Various cardiovascular procedures, such as angioplasty, stent placement and atherectomy, require inserting into and manipulating within the vasculature, wires and catheters adapted to perform those procedures. Access to the vasculature typically is through the femoral artery and is percutaneous, involving insertion of a needle in the region of the groin to form a track through subcutaneous tissue and to puncture and create an arteriotomy in the femoral artery. A short guidewire is then advanced through the needle and into the femoral artery. The needle then is removed. An introducer sheath is then advanced over the guidewire, along the track and into the femoral artery. The introducer sheath provides access into the femoral artery, through the arteriotomy, for catheters or other instrumentalities in order to perform the selected procedure.

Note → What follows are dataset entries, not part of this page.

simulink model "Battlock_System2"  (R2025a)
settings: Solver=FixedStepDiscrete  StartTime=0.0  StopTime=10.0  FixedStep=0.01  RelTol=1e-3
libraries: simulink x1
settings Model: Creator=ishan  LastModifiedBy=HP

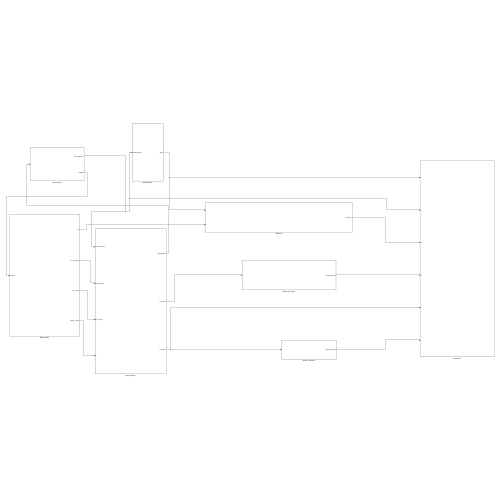
[thumbnail: Simulink's stored preview of the top-level diagram]
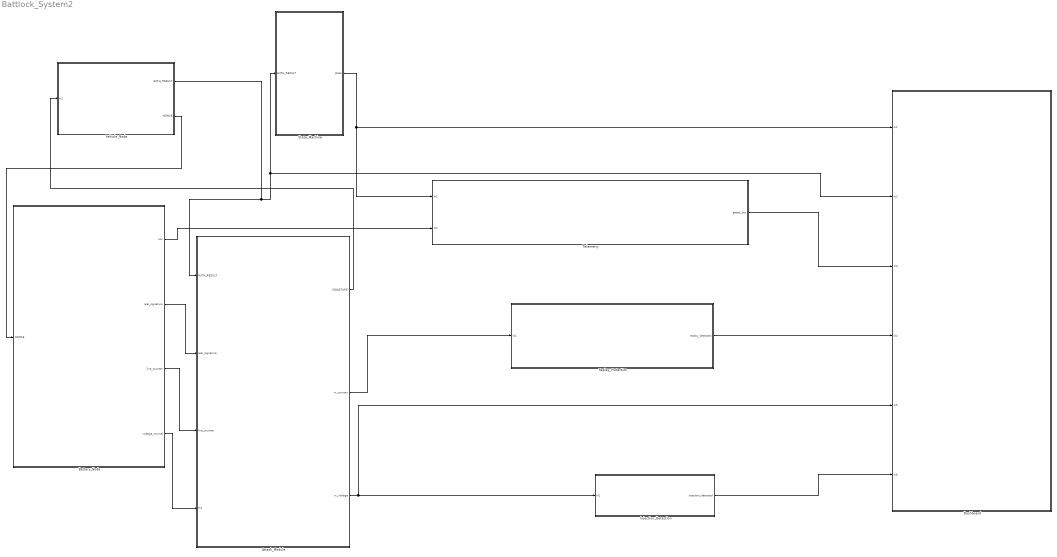
== system Battlock_System2 ==
  Attack_Module : Subsystem
  Battery_Node : Subsystem
  Dashboard : Subsystem
  Injection_Detection : Subsystem
  Replay_Protection : Subsystem
  State_Machine : Subsystem
  Telemetry : Subsystem
  Vehicle_Node : Subsystem
  wires:
  Attack_Module/3(rx_voltage) -> Dashboard/5(In5), Injection_Detection/1(In1)
  Attack_Module/2(rx_counter) -> Replay_Protection/1(In1)
  State_Machine/1(state) -> Telemetry/1(In1), Dashboard/1(In1)
  Battery_Node/2(real_signature) -> Attack_Module/2(real_signature)
  Battery_Node/3(live_counter) -> Attack_Module/3(live_counter)
  Battery_Node/4(voltage_normal) -> Attack_Module/4(In4)
  Vehicle_Node/1(AUTH_RESULT) -> State_Machine/1(AUTH_RESULT), Dashboard/2(In2), Attack_Module/1(AUTH_RESULT)
  Attack_Module/1(SIGNATURE) -> Vehicle_Node/1(In1)
  Vehicle_Node/2(NONCE) -> Battery_Node/1(NONCE)
  Battery_Node/1(soc) -> Telemetry/2(In2)
  Telemetry/1(gated_soc) -> Dashboard/3(In3)
  Replay_Protection/1(replay_detected) -> Dashboard/4(In4)
  Injection_Detection/1(injection_detected) -> Dashboard/6(In6)

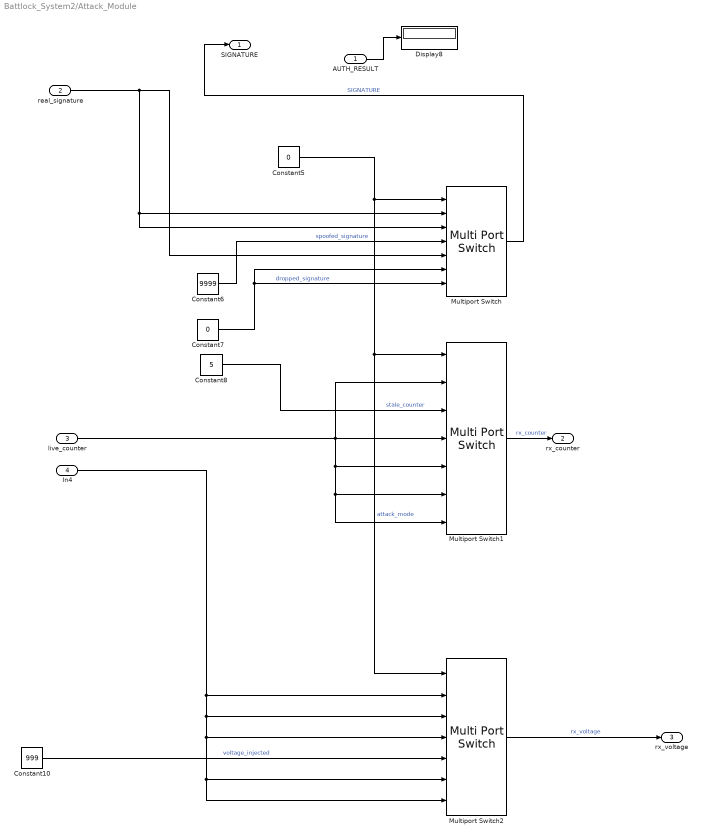
== system Battlock_System2/Attack_Module ==
  AUTH_RESULT : Inport
  real_signature : Inport  Port=2
  live_counter : Inport  Port=3
  In4 : Inport  Port=4
  Constant10 : Constant  Value=999
  Constant5 : Constant  Value=0
  Constant6 : Constant  Value=9999
  Constant7 : Constant  Value=0
  Constant8 : Constant  Value=5
  Display8 : Display
  Multiport Switch : MultiPortSwitch  DataPortOrder=Zero-based contiguous  Inputs=6  zeroidx=on  SaturateOnIntegerOverflow=off  InputSameDT=off
  Multiport Switch1 : MultiPortSwitch  DataPortOrder=Zero-based contiguous  Inputs=6  zeroidx=on  SaturateOnIntegerOverflow=off  InputSameDT=off
  Multiport Switch2 : MultiPortSwitch  DataPortOrder=Zero-based contiguous  Inputs=6  zeroidx=on  SaturateOnIntegerOverflow=off  InputSameDT=off
  SIGNATURE : Outport
  rx_counter : Outport  Port=2
  rx_voltage : Outport  Port=3
  wires:
  real_signature/1 -> Multiport Switch/3, Multiport Switch/2, Multiport Switch/5
  Constant10/1 -> Multiport Switch2/5  "voltage_injected"
  Constant5/1 -> Multiport Switch2/1, Multiport Switch1/1, Multiport Switch/1  "attack_mode"
  Constant6/1 -> Multiport Switch/4  "spoofed_signature"
  Constant7/1 -> Multiport Switch/6, Multiport Switch/7  "dropped_signature"
  live_counter/1 -> Multiport Switch1/7, Multiport Switch1/6, Multiport Switch1/5, Multiport Switch1/4, Multiport Switch1/2
  Constant8/1 -> Multiport Switch1/3  "stale_counter"
  Multiport Switch1/1 -> rx_counter/1  "rx_counter"
  AUTH_RESULT/1 -> Display8/1
  Multiport Switch/1 -> SIGNATURE/1  "SIGNATURE"
  Multiport Switch2/1 -> rx_voltage/1  "rx_voltage"
  In4/1 -> Multiport Switch2/7, Multiport Switch2/6, Multiport Switch2/4, Multiport Switch2/3, Multiport Switch2/2

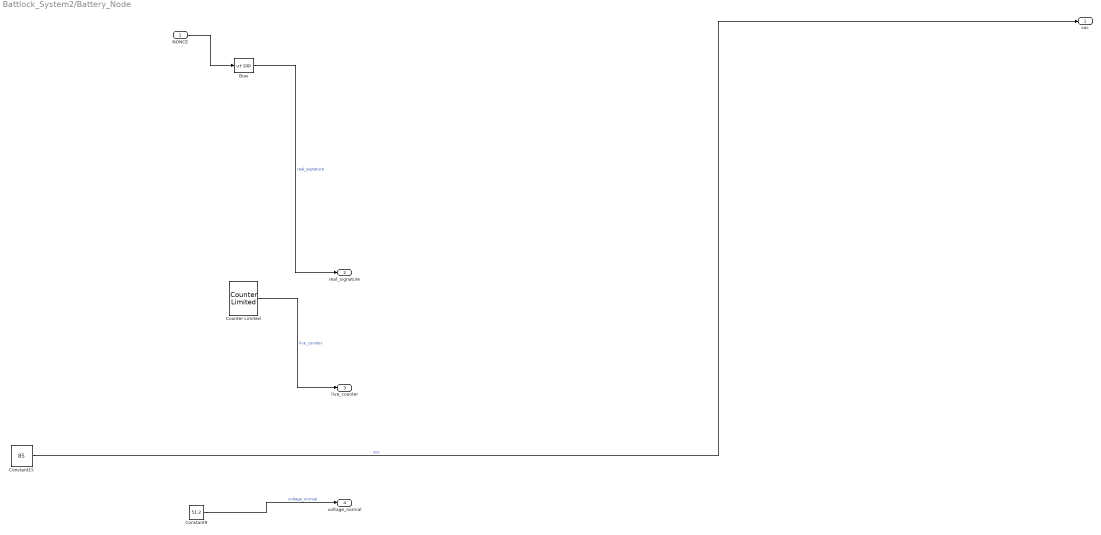
== system Battlock_System2/Battery_Node ==
  NONCE : Inport
  Bias : Bias  Bias=100  SaturateOnIntegerOverflow=off
  Constant15 : Constant  Value=85
  Constant9 : Constant  Value=51.2
  Counter Limited : simulink/Sources/Counter Limited  uplimit=255  tsamp=1
  soc : Outport
  real_signature : Outport  Port=2
  live_counter : Outport  Port=3
  voltage_normal : Outport  Port=4
  wires:
  Constant15/1 -> soc/1  "soc"
  Constant9/1 -> voltage_normal/1  "voltage_normal"
  NONCE/1 -> Bias/1
  Bias/1 -> real_signature/1  "real_signature"
  Counter Limited/1 -> live_counter/1  "live_counter"

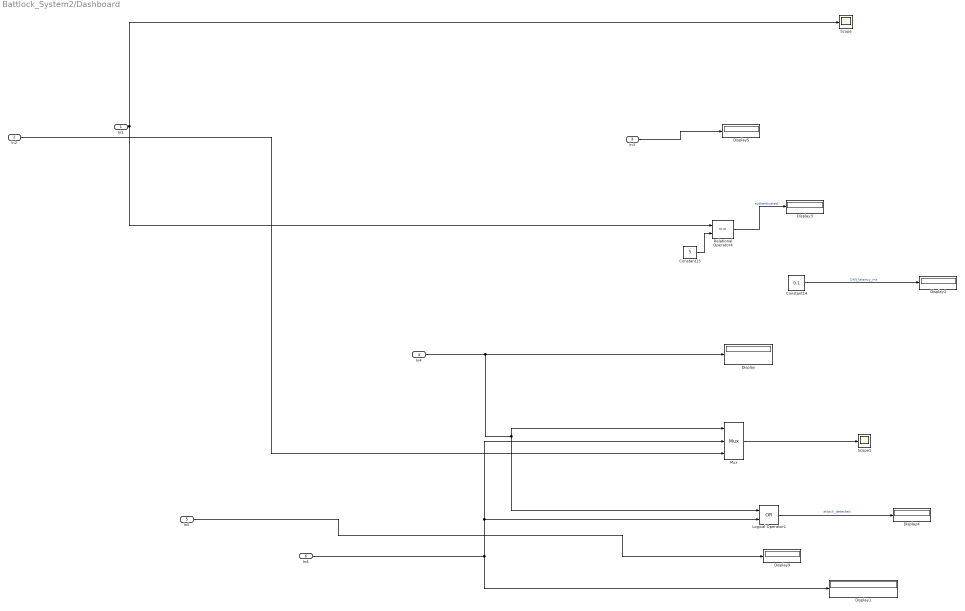
== system Battlock_System2/Dashboard ==
  In1 : Inport
  In2 : Inport  Port=2
  In3 : Inport  Port=3
  In4 : Inport  Port=4
  In5 : Inport  Port=5
  In6 : Inport  Port=6
  Constant13 : Constant  Value=5
  Constant14 : Constant  Value=0.1
  Display{,1..5,9} (7 alike) : Display
  Logical Operator1 : Logic  Operator=OR  AllPortsSameDT=off  OutDataTypeStr=boolean
  Mux : Mux  Inputs=3
  Relational Operator4 : RelationalOperator  Operator===  OutDataTypeStr=boolean  RndMeth=Simplest  InputSameDT=off
  Scope : Scope
      settings: ActiveDisplayYMinimum=-6.836402596325053  ActiveDisplayYMaximum=14.600813145765882
  Scope1 : Scope
      settings: ActiveDisplayYMinimum=-0.69242538567138889  ActiveDisplayYMaximum=1.664636042232656
  wires:
  In6/1 -> Mux/2, Logical Operator1/2, Display1/1
  In4/1 -> Display/1, Logical Operator1/1, Mux/1
  In2/1 -> Mux/3
  Logical Operator1/1 -> Display4/1  "attack_detected"
  Mux/1 -> Scope1/1
  Constant13/1 -> Relational Operator4/2
  Constant14/1 -> Display2/1  "CAN_latency_ms"
  Relational Operator4/1 -> Display3/1  "authenticated"
  In1/1 -> Scope/1, Relational Operator4/1
  In5/1 -> Display9/1
  In3/1 -> Display5/1

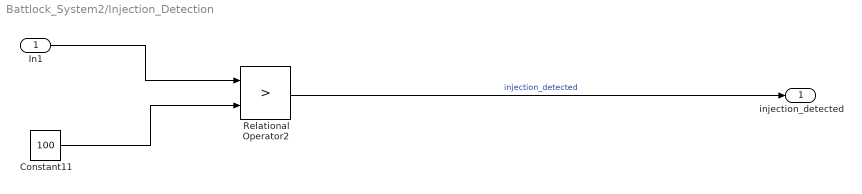
== system Battlock_System2/Injection_Detection ==
  In1 : Inport
  Constant11 : Constant  Value=100
  Relational Operator2 : RelationalOperator  Operator=>  OutDataTypeStr=boolean  RndMeth=Simplest  InputSameDT=off
  injection_detected : Outport
  wires:
  Constant11/1 -> Relational Operator2/2
  In1/1 -> Relational Operator2/1
  Relational Operator2/1 -> injection_detected/1  "injection_detected"

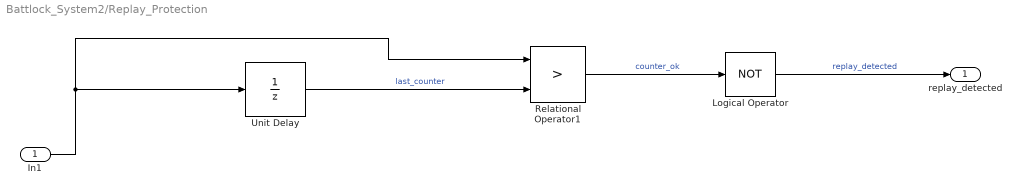
== system Battlock_System2/Replay_Protection ==
  In1 : Inport
  Logical Operator : Logic  Operator=NOT  AllPortsSameDT=off  OutDataTypeStr=boolean
  Relational Operator1 : RelationalOperator  Operator=>  OutDataTypeStr=boolean  RndMeth=Simplest  InputSameDT=off
  Unit Delay : UnitDelay  InitialCondition=-1  SampleTime=-1
  replay_detected : Outport
  wires:
  Relational Operator1/1 -> Logical Operator/1  "counter_ok"
  In1/1 -> Relational Operator1/1, Unit Delay/1
  Unit Delay/1 -> Relational Operator1/2  "last_counter"
  Logical Operator/1 -> replay_detected/1  "replay_detected"

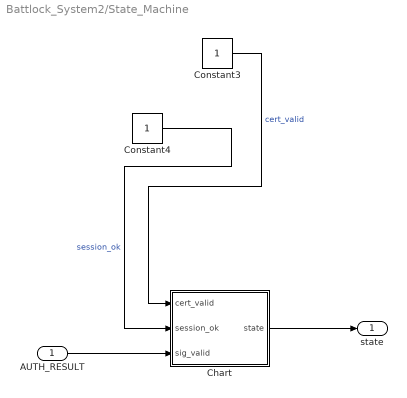
== system Battlock_System2/State_Machine ==
  AUTH_RESULT : Inport
  Chart : Stateflow chart  TreatAsAtomicUnit=on
  Constant3 : Constant
  Constant4 : Constant
  state : Outport
  wires:
  AUTH_RESULT/1 -> Chart/3(sig_valid)
  Constant3/1 -> Chart/1(cert_valid)  "cert_valid"
  Constant4/1 -> Chart/2(session_ok)  "session_ok"
  Chart/1(state) -> state/1

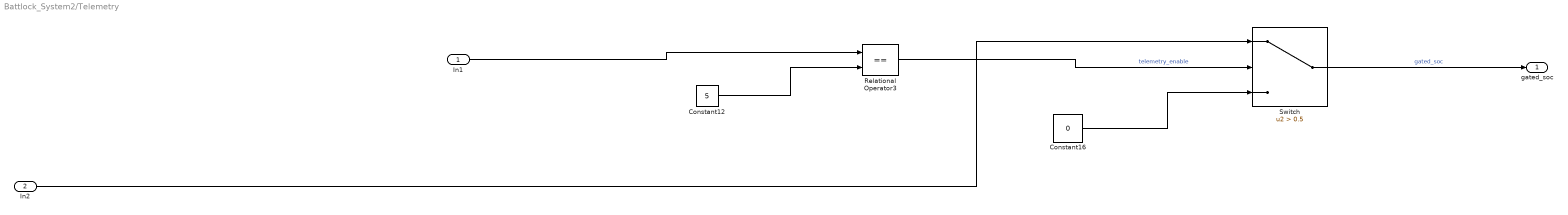
== system Battlock_System2/Telemetry ==
  In1 : Inport
  In2 : Inport  Port=2
  Constant12 : Constant  Value=5
  Constant16 : Constant  Value=0
  Relational Operator3 : RelationalOperator  Operator===  OutDataTypeStr=boolean  RndMeth=Simplest  InputSameDT=off
  Switch : Switch  Criteria=u2 > Threshold  Threshold=0.5  SaturateOnIntegerOverflow=off  InputSameDT=off
  gated_soc : Outport
  wires:
  Constant12/1 -> Relational Operator3/2
  Relational Operator3/1 -> Switch/2  "telemetry_enable"
  In1/1 -> Relational Operator3/1
  Constant16/1 -> Switch/3
  Switch/1 -> gated_soc/1  "gated_soc"
  In2/1 -> Switch/1

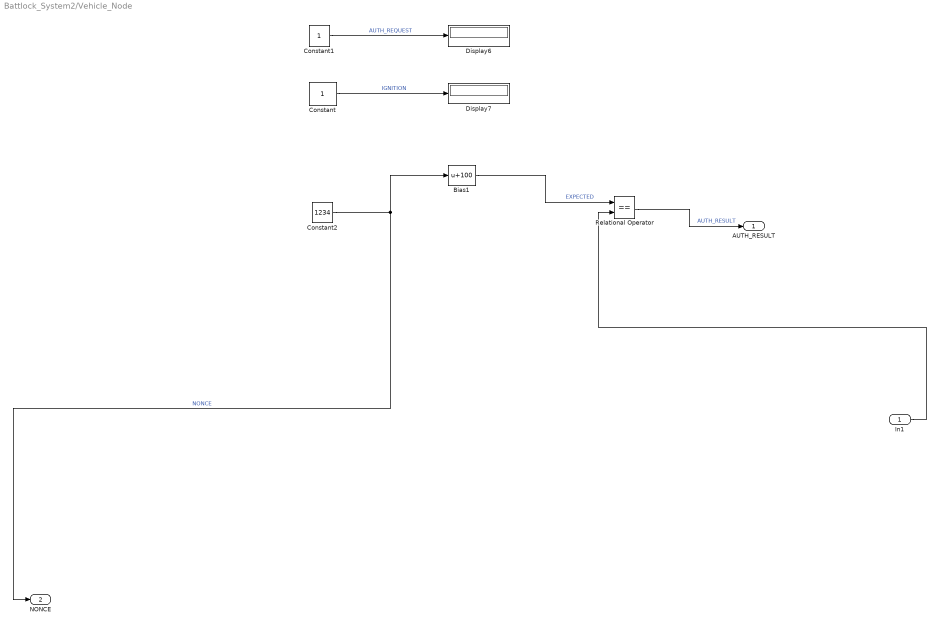
== system Battlock_System2/Vehicle_Node ==
  In1 : Inport
  Bias1 : Bias  Bias=100  SaturateOnIntegerOverflow=off
  Constant : Constant
  Constant1 : Constant
  Constant2 : Constant  Value=1234
  Display6 : Display
  Display7 : Display
  Relational Operator : RelationalOperator  Operator===  OutDataTypeStr=boolean  RndMeth=Simplest  InputSameDT=off
  AUTH_RESULT : Outport
  NONCE : Outport  Port=2
  wires:
  Constant2/1 -> NONCE/1, Bias1/1  "NONCE"
  Relational Operator/1 -> AUTH_RESULT/1  "AUTH_RESULT"
  Constant1/1 -> Display6/1  "AUTH_REQUEST"
  In1/1 -> Relational Operator/2
  Constant/1 -> Display7/1  "IGNITION"
  Bias1/1 -> Relational Operator/1  "EXPECTED"

== stateflow chart Battlock_System2/State_Machine/Chart ==
  state DISCONNECTED
    entry: state = 0;
  state HELLO_RECEIVED
    entry: state = 1;
  state CERT_VERIFIED
    entry: state = 2;
  state CHALLENGE_SENT
    entry: state = 3;
  state AUTHENTICATED
    entry: state = 4;
  state ACTIVE_SESSION
    entry: state = 5;
  (default) -> DISCONNECTED
  CHALLENGE_SENT -> DISCONNECTED [order 2] : after(1,sec)[~sig_valid]
  DISCONNECTED -> HELLO_RECEIVED : after(1,sec)
  HELLO_RECEIVED -> CERT_VERIFIED : after(1,sec)[cert_valid]
  CERT_VERIFIED -> CHALLENGE_SENT : after(1,sec)
  CHALLENGE_SENT -> AUTHENTICATED [order 1] : after(1,sec)[sig_valid]
  AUTHENTICATED -> ACTIVE_SESSION : after(1,sec)[session_ok]
  data: cert_valid input; session_ok input; sig_valid input; state output

After the procedure has been completed, the procedural devices are removed and the arteriotomy must be closed. The size of the puncture opening in the artery corresponds to the size of the catheter or percutaneous introducer sheath used, which devices may typically range in diameter from 5 French (1.67 mm) for a diagnostic procedure to 6-10 French (2.00 mm-3.33 mm) for a therapeutic procedure. A number of techniques are known to facilitate closure and healing of the arteriotomy. One technique includes application of pressure at the puncture site for a relatively extended length of time. More particularly, compression has traditionally been applied to the puncture site for at least 30-45 minutes for the wound to close naturally after removal of the catheter. Patients are required to remain decumbent, essentially motionless and often with a heavy sandbag placed on their upper leg, for several hours to ensure that clot has formed at the arteriotomy to prevent bleeding. The recovery time from the medical procedure may be as little as half of an hour, but the recovery time from the wound can exceed 24 hours. This makes wound site management the longer critical care item. The longer the recovery time, the more expensive the procedure becomes, the greater the patient discomfort, and the greater the risk of complications.
Also among the techniques for closing the arteriotomy is the use of a staple system such as described in U.S. Pat. Nos. 6,506,210, 6,767,356 and 7,074,232 to Kanner et al., the disclosures of which are incorporated by reference herein in their entirety. The Kanner patents describe a system by which the original introducer sheath is removed, leaving the guidewire in place. An assembly that includes a closure sheath and dilator is then advanced along the indwelling guidewire to bring the distal end of the sheath into proximity to the arteriotomy. The closure sheath also carries, at its distal end, an arrangement of wire-like stabilizers that, together with the dilator, pass through the arteriotomy into the artery. The system enables the portions of the stabilizer wires disposed within the artery to be formed into a temporarily enlarged shape that prevents removal of the wires through the arteriotomy and holds the sheath in place. The stabilizers and distal end of the sheath are drawn together to grip the tissue about the arteriotomy and thereby secure and fix the position of the distal end of the sheath over and in alignment with the arteriotomy. The dilator and guidewire then can be removed through the sheath, leaving the closure sheath in place adjacent the outer surface of the artery with the stabilizers within the artery, in place in readiness to provide direct access to the arteriotomy through the sheath.
A catheter-like stapling device, with a staple carried in its distal end, then is advanced through the closure sheath to locate the staple in proximity to the arteriotomy. As described more fully in the Kanner patents, the stapler and sheath include mechanisms by which the staple, when advanced through the sheath, will be oriented in registry with and at a fixed distance from the arteriotomy. When the stapler is actuated, the prongs of the staple first expand and advance toward and into the arterial wall on opposite sides of the arteriotomy. Continued operation of the stapling mechanism draws the prongs of the staple together to draw the edges of the arteriotomy together into approximation and then releases the staple. The stabilizers return to a low profile shape enabling their withdrawal from the artery. With the staple deployed and having closed the arteriotomy the stapling mechanism and sheath may be removed, leaving the staple in place. The invention herein provides a staple and stapling system that are simpler and less expensive to manufacture than previously known staples and stapling systems.